(Available data Opens)

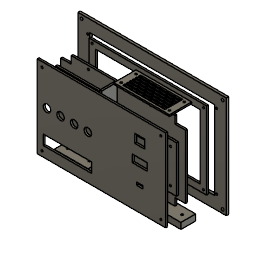
SmartMeter_Vista_Interna (Autodesk Fusion 360 design; units mm, degrees)
Autodesk Fusion 360 part; units mm, degrees
(part 1 of 2)
sketch "Esboço1" plane through (0, 0, 0) normal (0, 0, 1) x (1, 0, 0) in component "SmartMeter_DesktopFeet"
  line L0 (-102.5, -12) -> (-47.5, -12)
  line L1 (-47.5, -12) -> (-47.5, 12)
  line L2 (-47.5, 12) -> (-102.5, 12)
  line L3 (-102.5, 12) -> (-102.5, -12)
extrude "01_new_rect (1)" add sketch "Esboço1" along normal blind 10 makes body 1 in component "SmartMeter_DesktopFeet"
sketch "Esboço2" plane through (0, 0, 0) normal (0, 0, 1) x (1, 0, 0) in component "SmartMeter_DesktopFeet"
  circle A0 centre (-92.5, 0) radius 1.6
extrude "02_cut_circle (1)" cut sketch "Esboço2" along normal blind 11 bodies 1 in component "SmartMeter_DesktopFeet"
sketch "Esboço3" plane through (0, 0, 0) normal (0, 0, 1) x (1, 0, 0) in component "SmartMeter_DesktopFeet"
  circle A0 centre (-57.5, 0) radius 1.6
extrude "03_cut_circle (1)" cut sketch "Esboço3" along normal blind 11 bodies 1 in component "SmartMeter_DesktopFeet"
sketch "Esboço4" plane through (0, 0, 0) normal (0, 0, 1) x (1, 0, 0) in component "SmartMeter_DesktopFeet"
  line L0 (47.5, -12) -> (102.5, -12)
  line L1 (102.5, -12) -> (102.5, 12)
  line L2 (102.5, 12) -> (47.5, 12)
  line L3 (47.5, 12) -> (47.5, -12)
extrude "04_new_rect (1)" add sketch "Esboço4" along normal blind 10 separate body makes body 2 in component "SmartMeter_DesktopFeet"
sketch "Esboço5" plane through (0, 0, 0) normal (0, 0, 1) x (1, 0, 0) in component "SmartMeter_DesktopFeet"
  circle A0 centre (57.5, 0) radius 1.6
extrude "05_cut_circle (1)" cut sketch "Esboço5" along normal blind 11 bodies 1 2 in component "SmartMeter_DesktopFeet"
sketch "Esboço6" plane through (0, 0, 0) normal (0, 0, 1) x (1, 0, 0) in component "SmartMeter_DesktopFeet"
  circle A0 centre (92.5, 0) radius 1.6
extrude "06_cut_circle (1)" cut sketch "Esboço6" along normal blind 11 bodies 1 2 in component "SmartMeter_DesktopFeet"
sketch "Esboço1 (2)" plane through (0, 0, 0) normal (0, 0, 1) x (1, 0, 0) in component "SmartMeter_DisplayBracket"
  line L0 (-95, -62.5) -> (95, -62.5)
  line L1 (95, -62.5) -> (95, 62.5)
  line L2 (95, 62.5) -> (-95, 62.5)
  line L3 (-95, 62.5) -> (-95, -62.5)
extrude "01_new_rect (1)'" add sketch "Esboço1 (2)" along normal blind 3 separate body makes body 3 in component "SmartMeter_DisplayBracket"
sketch "Esboço2 (2)" plane through (0, 0, 0) normal (0, 0, 1) x (1, 0, 0) in component "SmartMeter_DisplayBracket"
  line L0 (-84.5, -52) -> (84.5, -52)
  line L1 (84.5, -52) -> (84.5, 52)
  line L2 (84.5, 52) -> (-84.5, 52)
  line L3 (-84.5, 52) -> (-84.5, -52)
extrude "02_cut_rect (1)" cut sketch "Esboço2 (2)" along normal blind 4 bodies 3 in component "SmartMeter_DisplayBracket"
sketch "Esboço3 (2)" plane through (0, 0, 0) normal (0, 0, 1) x (1, 0, 0) in component "SmartMeter_DisplayBracket"
  line L0 (-12, -62.5) -> (12, -62.5)
  line L1 (12, -62.5) -> (12, -52.5)
  line L2 (12, -52.5) -> (-12, -52.5)
  line L3 (-12, -52.5) -> (-12, -62.5)
extrude "03_cut_rect (1)" cut sketch "Esboço3 (2)" along normal blind 4 bodies 3 in component "SmartMeter_DisplayBracket"
sketch "Esboço4 (2)" plane through (0, 0, 0) normal (0, 0, 1) x (1, 0, 0) in component "SmartMeter_DisplayBracket"
  circle A0 centre (-90, -57.5) radius 1.6
extrude "04_cut_circle (1)" cut sketch "Esboço4 (2)" along normal blind 4 bodies 3 in component "SmartMeter_DisplayBracket"
sketch "Esboço5 (2)" plane through (0, 0, 0) normal (0, 0, 1) x (1, 0, 0) in component "SmartMeter_DisplayBracket"
  circle A0 centre (-90, 57.5) radius 1.6
extrude "05_cut_circle (1)'" cut sketch "Esboço5 (2)" along normal blind 4 bodies 3 in component "SmartMeter_DisplayBracket"
sketch "Esboço6 (2)" plane through (0, 0, 0) normal (0, 0, 1) x (1, 0, 0) in component "SmartMeter_DisplayBracket"
  circle A0 centre (90, -57.5) radius 1.6
extrude "06_cut_circle (1)'" cut sketch "Esboço6 (2)" along normal blind 4 bodies 3 in component "SmartMeter_DisplayBracket"
sketch "Esboço7" plane through (0, 0, 0) normal (0, 0, 1) x (1, 0, 0) in component "SmartMeter_DisplayBracket"
  circle A0 centre (90, 57.5) radius 1.6
extrude "07_cut_circle (1)" cut sketch "Esboço7" along normal blind 4 bodies 3 in component "SmartMeter_DisplayBracket"
sketch "Esboço1 (3)" plane through (0, 0, 0) normal (0, 0, 1) x (1, 0, 0) in component "SmartMeter_FrontPanel"
  line L0 (-102, 72.5) -> (102, 72.5)
  arc A0 (110, 64.5) -> (102, 72.5) centre (102, 64.5) ccw
  line L1 (110, 64.5) -> (110, -64.5)
  arc A1 (102, -72.5) -> (110, -64.5) centre (102, -64.5) ccw
  line L2 (102, -72.5) -> (-102, -72.5)
  arc A2 (-110, -64.5) -> (-102, -72.5) centre (-102, -64.5) ccw
  line L3 (-110, -64.5) -> (-110, 64.5)
  arc A3 (-102, 72.5) -> (-110, 64.5) centre (-102, 64.5) ccw
extrude "01_new_rounded (1)" add sketch "Esboço1 (3)" along normal blind 4 separate body makes body 4 in component "SmartMeter_FrontPanel"
sketch "Esboço2 (3)" plane through (0, 0, 0) normal (0, 0, 1) x (1, 0, 0) in component "SmartMeter_FrontPanel"
  line L0 (-77.5, -43.5) -> (77.5, -43.5)
  line L1 (77.5, -43.5) -> (77.5, 43.5)
  line L2 (77.5, 43.5) -> (-77.5, 43.5)
  line L3 (-77.5, 43.5) -> (-77.5, -43.5)
extrude "02_cut_rect (1)'" cut sketch "Esboço2 (3)" along normal blind 5 bodies 4 in component "SmartMeter_FrontPanel"
ref_plane "Plano de trabalho1" through (0, 0, 1.5) normal (0, 0, 1) x (1, 0, 0) in component "SmartMeter_FrontPanel"
sketch "Esboço3 (3)" plane through (0, 0, 1.5) normal (0, 0, 1) x (1, 0, 0) in component "SmartMeter_FrontPanel"
  line L0 (-83.5, -51) -> (83.5, -51)
  line L1 (83.5, -51) -> (83.5, 51)
  line L2 (83.5, 51) -> (-83.5, 51)
  line L3 (-83.5, 51) -> (-83.5, -51)
extrude "03_cut_rect (1)'" cut sketch "Esboço3 (3)" along normal blind 2.7 bodies 4 in component "SmartMeter_FrontPanel"
sketch "Esboço4 (3)" plane through (0, 0, 0) normal (0, 0, 1) x (1, 0, 0) in component "SmartMeter_FrontPanel"
  circle A0 centre (-90, -57.5) radius 1.6
extrude "04_cut_circle (1)'" cut sketch "Esboço4 (3)" along normal blind 5 bodies 4 in component "SmartMeter_FrontPanel"
sketch "Esboço5 (3)" plane through (0, 0, 0) normal (0, 0, 1) x (1, 0, 0) in component "SmartMeter_FrontPanel"
  circle A0 centre (-90, 57.5) radius 1.6
extrude "05_cut_circle (1)''" cut sketch "Esboço5 (3)" along normal blind 5 bodies 4 in component "SmartMeter_FrontPanel"
sketch "Esboço6 (3)" plane through (0, 0, 0) normal (0, 0, 1) x (1, 0, 0) in component "SmartMeter_FrontPanel"
  circle A0 centre (90, -57.5) radius 1.6
extrude "06_cut_circle (1)''" cut sketch "Esboço6 (3)" along normal blind 5 bodies 4 in component "SmartMeter_FrontPanel"
sketch "Esboço7 (2)" plane through (0, 0, 0) normal (0, 0, 1) x (1, 0, 0) in component "SmartMeter_FrontPanel"
  circle A0 centre (90, 57.5) radius 1.6
extrude "07_cut_circle (1)'" cut sketch "Esboço7 (2)" along normal blind 5 bodies 4 in component "SmartMeter_FrontPanel"
sketch "Esboço8" plane through (0, 0, 0) normal (0, 0, 1) x (1, 0, 0) in component "SmartMeter_FrontPanel"
  circle A0 centre (-104, -60) radius 1.6
extrude "08_cut_circle (1)" cut sketch "Esboço8" along normal blind 4 bodies 4 in component "SmartMeter_FrontPanel"
sketch "Esboço9" plane through (0, 0, 0) normal (0, 0, 1) x (1, 0, 0) in component "SmartMeter_FrontPanel"
  circle A0 centre (-104, 60) radius 1.6
extrude "09_cut_circle (1)" cut sketch "Esboço9" along normal blind 4 bodies 4 in component "SmartMeter_FrontPanel"
sketch "Esboço10" plane through (0, 0, 0) normal (0, 0, 1) x (1, 0, 0) in component "SmartMeter_FrontPanel"
  circle A0 centre (104, -60) radius 1.6
extrude "10_cut_circle (1)" cut sketch "Esboço10" along normal blind 4 bodies 4 in component "SmartMeter_FrontPanel"
sketch "Esboço11" plane through (0, 0, 0) normal (0, 0, 1) x (1, 0, 0) in component "SmartMeter_FrontPanel"
  circle A0 centre (104, 60) radius 1.6
extrude "11_cut_circle (1)" cut sketch "Esboço11" along normal blind 4 bodies 4 in component "SmartMeter_FrontPanel"
sketch "Esboço1 (4)" plane through (0, 0, 0) normal (0, 0, 1) x (1, 0, 0) in component "SmartMeter_InternalTray"
  line L0 (-101, -63.5) -> (101, -63.5)
  line L1 (101, -63.5) -> (101, 63.5)
  line L2 (101, 63.5) -> (-101, 63.5)
  line L3 (-101, 63.5) -> (-101, -63.5)
extrude "01_new_rect (1)''" add sketch "Esboço1 (4)" along normal blind 3 separate body makes body 5 in component "SmartMeter_InternalTray"
sketch "Esboço2 (4)" plane through (0, 0, 0) normal (0, 0, 1) x (1, 0, 0) in component "SmartMeter_InternalTray"
  line L0 (-12.5, -63.5) -> (-9.5, -63.5)
  line L1 (-9.5, -63.5) -> (-9.5, 63.5)
  line L2 (-9.5, 63.5) -> (-12.5, 63.5)
  line L3 (-12.5, 63.5) -> (-12.5, -63.5)
extrude "Extrusão2" add sketch "Esboço2 (4)" along normal blind 28 separate body makes body 6 in component "SmartMeter_InternalTray"
combine "02_join_rect (1)" operation add target body 5 tool bodies 6 in component "SmartMeter_InternalTray"
sketch "Esboço3 (4)" plane through (0, 0, 0) normal (0, 0, 1) x (1, 0, 0) in component "SmartMeter_InternalTray"
  circle A0 centre (-86, -30) radius 5
extrude "Extrusão3" add sketch "Esboço3 (4)" along normal blind 11 separate body makes body 7 in component "SmartMeter_InternalTray"
combine "03_join_circle (1)" operation add target body 5 tool bodies 7 in component "SmartMeter_InternalTray"
sketch "Esboço4 (4)" plane through (0, 0, 0) normal (0, 0, 1) x (1, 0, 0) in component "SmartMeter_InternalTray"
  circle A0 centre (-86, 30) radius 5
extrude "Extrusão4" add sketch "Esboço4 (4)" along normal blind 11 separate body makes body 8 in component "SmartMeter_InternalTray"
combine "04_join_circle (1)" operation add target body 5 tool bodies 8 in component "SmartMeter_InternalTray"
sketch "Esboço5 (4)" plane through (0, 0, 0) normal (0, 0, 1) x (1, 0, 0) in component "SmartMeter_InternalTray"
  circle A0 centre (-26, -30) radius 5
extrude "Extrusão5" add sketch "Esboço5 (4)" along normal blind 11 separate body makes body 9 in component "SmartMeter_InternalTray"
combine "05_join_circle (1)" operation add target body 5 tool bodies 9 in component "SmartMeter_InternalTray"
sketch "Esboço6 (4)" plane through (0, 0, 0) normal (0, 0, 1) x (1, 0, 0) in component "SmartMeter_InternalTray"
  circle A0 centre (-26, 30) radius 5
extrude "Extrusão6" add sketch "Esboço6 (4)" along normal blind 11 separate body makes body 10 in component "SmartMeter_InternalTray"
combine "06_join_circle (1)" operation add target body 5 tool bodies 10 in component "SmartMeter_InternalTray"
sketch "Esboço7 (3)" plane through (0, 0, 0) normal (0, 0, 1) x (1, 0, 0) in component "SmartMeter_InternalTray"
  circle A0 centre (10, -25) radius 5
extrude "Extrusão7" add sketch "Esboço7 (3)" along normal blind 11 separate body makes body 11 in component "SmartMeter_InternalTray"
combine "07_join_circle (1)" operation add target body 5 tool bodies 11 in component "SmartMeter_InternalTray"
sketch "Esboço8 (2)" plane through (0, 0, 0) normal (0, 0, 1) x (1, 0, 0) in component "SmartMeter_InternalTray"
  circle A0 centre (10, 25) radius 5
extrude "Extrusão8" add sketch "Esboço8 (2)" along normal blind 11 separate body makes body 12 in component "SmartMeter_InternalTray"
combine "08_join_circle (1)" operation add target body 5 tool bodies 12 in component "SmartMeter_InternalTray"
sketch "Esboço9 (2)" plane through (0, 0, 0) normal (0, 0, 1) x (1, 0, 0) in component "SmartMeter_InternalTray"
  circle A0 centre (80, -25) radius 5
extrude "Extrusão9" add sketch "Esboço9 (2)" along normal blind 11 separate body makes body 13 in component "SmartMeter_InternalTray"
combine "09_join_circle (1)" operation add target body 5 tool bodies 13 in component "SmartMeter_InternalTray"
sketch "Esboço10 (2)" plane through (0, 0, 0) normal (0, 0, 1) x (1, 0, 0) in component "SmartMeter_InternalTray"
  circle A0 centre (80, 25) radius 5
extrude "Extrusão10" add sketch "Esboço10 (2)" along normal blind 11 separate body makes body 14 in component "SmartMeter_InternalTray"
combine "10_join_circle (1)" operation add target body 5 tool bodies 14 in component "SmartMeter_InternalTray"
sketch "Esboço11 (2)" plane through (0, 0, 0) normal (0, 0, 1) x (1, 0, 0) in component "SmartMeter_InternalTray"
  line L0 (-28.5, -12) -> (-20.5, -12)
  line L1 (-20.5, -12) -> (-20.5, 12)
  line L2 (-20.5, 12) -> (-28.5, 12)
  line L3 (-28.5, 12) -> (-28.5, -12)
extrude "11_cut_rect (1)" cut sketch "Esboço11 (2)" along normal blind 3 bodies 5 in component "SmartMeter_InternalTray"
sketch "Esboço12" plane through (0, 0, 0) normal (0, 0, 1) x (1, 0, 0) in component "SmartMeter_InternalTray"
  line L0 (-1.5, -12) -> (6.5, -12)
  line L1 (6.5, -12) -> (6.5, 12)
  line L2 (6.5, 12) -> (-1.5, 12)
  line L3 (-1.5, 12) -> (-1.5, -12)
extrude "12_cut_rect (1)" cut sketch "Esboço12" along normal blind 3 bodies 5 in component "SmartMeter_InternalTray"
ref_plane "Plano de trabalho1" through (0, 0, 3) normal (0, 0, 1) x (1, 0, 0) in component "SmartMeter_InternalTray"
sketch "Esboço13" plane through (0, 0, 3) normal (0, 0, 1) x (1, 0, 0) in component "SmartMeter_InternalTray"
  circle A0 centre (-86, -30) radius 1.6
extrude "13_cut_circle (1)" cut sketch "Esboço13" along normal blind 8 bodies 5 in component "SmartMeter_InternalTray"
ref_plane "Plano de trabalho2" through (0, 0, 3) normal (0, 0, 1) x (1, 0, 0) in component "SmartMeter_InternalTray"
sketch "Esboço14" plane through (0, 0, 3) normal (0, 0, 1) x (1, 0, 0) in component "SmartMeter_InternalTray"
  circle A0 centre (-86, 30) radius 1.6
extrude "14_cut_circle (1)" cut sketch "Esboço14" along normal blind 8 bodies 5 in component "SmartMeter_InternalTray"
ref_plane "Plano de trabalho3" through (0, 0, 3) normal (0, 0, 1) x (1, 0, 0) in component "SmartMeter_InternalTray"
sketch "Esboço15" plane through (0, 0, 3) normal (0, 0, 1) x (1, 0, 0) in component "SmartMeter_InternalTray"
  circle A0 centre (-26, -30) radius 1.6
extrude "15_cut_circle (1)" cut sketch "Esboço15" along normal blind 8 bodies 5 in component "SmartMeter_InternalTray"
ref_plane "Plano de trabalho4" through (0, 0, 3) normal (0, 0, 1) x (1, 0, 0) in component "SmartMeter_InternalTray"
sketch "Esboço16" plane through (0, 0, 3) normal (0, 0, 1) x (1, 0, 0) in component "SmartMeter_InternalTray"
  circle A0 centre (-26, 30) radius 1.6
extrude "16_cut_circle (1)" cut sketch "Esboço16" along normal blind 8 bodies 5 in component "SmartMeter_InternalTray"
ref_plane "Plano de trabalho5" through (0, 0, 3) normal (0, 0, 1) x (1, 0, 0) in component "SmartMeter_InternalTray"
sketch "Esboço17" plane through (0, 0, 3) normal (0, 0, 1) x (1, 0, 0) in component "SmartMeter_InternalTray"
  circle A0 centre (10, -25) radius 1.6
extrude "17_cut_circle (1)" cut sketch "Esboço17" along normal blind 8 bodies 5 in component "SmartMeter_InternalTray"
ref_plane "Plano de trabalho6" through (0, 0, 3) normal (0, 0, 1) x (1, 0, 0) in component "SmartMeter_InternalTray"
sketch "Esboço18" plane through (0, 0, 3) normal (0, 0, 1) x (1, 0, 0) in component "SmartMeter_InternalTray"
  circle A0 centre (10, 25) radius 1.6
extrude "18_cut_circle (1)" cut sketch "Esboço18" along normal blind 8 bodies 5 in component "SmartMeter_InternalTray"
ref_plane "Plano de trabalho7" through (0, 0, 3) normal (0, 0, 1) x (1, 0, 0) in component "SmartMeter_InternalTray"
sketch "Esboço19" plane through (0, 0, 3) normal (0, 0, 1) x (1, 0, 0) in component "SmartMeter_InternalTray"
  circle A0 centre (80, -25) radius 1.6
extrude "19_cut_circle (1)" cut sketch "Esboço19" along normal blind 8 bodies 5 in component "SmartMeter_InternalTray"
ref_plane "Plano de trabalho8" through (0, 0, 3) normal (0, 0, 1) x (1, 0, 0) in component "SmartMeter_InternalTray"
sketch "Esboço20" plane through (0, 0, 3) normal (0, 0, 1) x (1, 0, 0) in component "SmartMeter_InternalTray"
  circle A0 centre (80, 25) radius 1.6
extrude "20_cut_circle (1)" cut sketch "Esboço20" along normal blind 8 bodies 5 in component "SmartMeter_InternalTray"
sketch "Esboço21" plane through (0, 0, 0) normal (0, 0, 1) x (1, 0, 0) in component "SmartMeter_InternalTray"
  line L0 (-101, -63.5) -> (-84, -63.5)
  line L1 (-84, -63.5) -> (-84, -51.5)
  line L2 (-84, -51.5) -> (-101, -51.5)
  line L3 (-101, -51.5) -> (-101, -63.5)
extrude "21_cut_rect (1)" cut sketch "Esboço21" along normal blind 3 bodies 5 in component "SmartMeter_InternalTray"
sketch "Esboço22" plane through (0, 0, 0) normal (0, 0, 1) x (1, 0, 0) in component "SmartMeter_InternalTray"
  line L0 (-101, 51.5) -> (-84, 51.5)
  line L1 (-84, 51.5) -> (-84, 63.5)
  line L2 (-84, 63.5) -> (-101, 63.5)
  line L3 (-101, 63.5) -> (-101, 51.5)
extrude "22_cut_rect (1)" cut sketch "Esboço22" along normal blind 3 bodies 5 in component "SmartMeter_InternalTray"
sketch "Esboço23" plane through (0, 0, 0) normal (0, 0, 1) x (1, 0, 0) in component "SmartMeter_InternalTray"
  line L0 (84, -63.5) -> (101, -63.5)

(Available data Closes)

■ **Exercise goal**: Please transcribe only the lines in the records above running from the line that has "makes body 5" through the line that has "line L3 (-12.5, 63.5) -> (-12.5, -63.5)", both included, exactly as they appear.

■ **Answer section**:
extrude "01_new_rect (1)''" add sketch "Esboço1 (4)" along normal blind 3 separate body makes body 5 in component "SmartMeter_InternalTray"
sketch "Esboço2 (4)" plane through (0, 0, 0) normal (0, 0, 1) x (1, 0, 0) in component "SmartMeter_InternalTray"
  line L0 (-12.5, -63.5) -> (-9.5, -63.5)
  line L1 (-9.5, -63.5) -> (-9.5, 63.5)
  line L2 (-9.5, 63.5) -> (-12.5, 63.5)
  line L3 (-12.5, 63.5) -> (-12.5, -63.5)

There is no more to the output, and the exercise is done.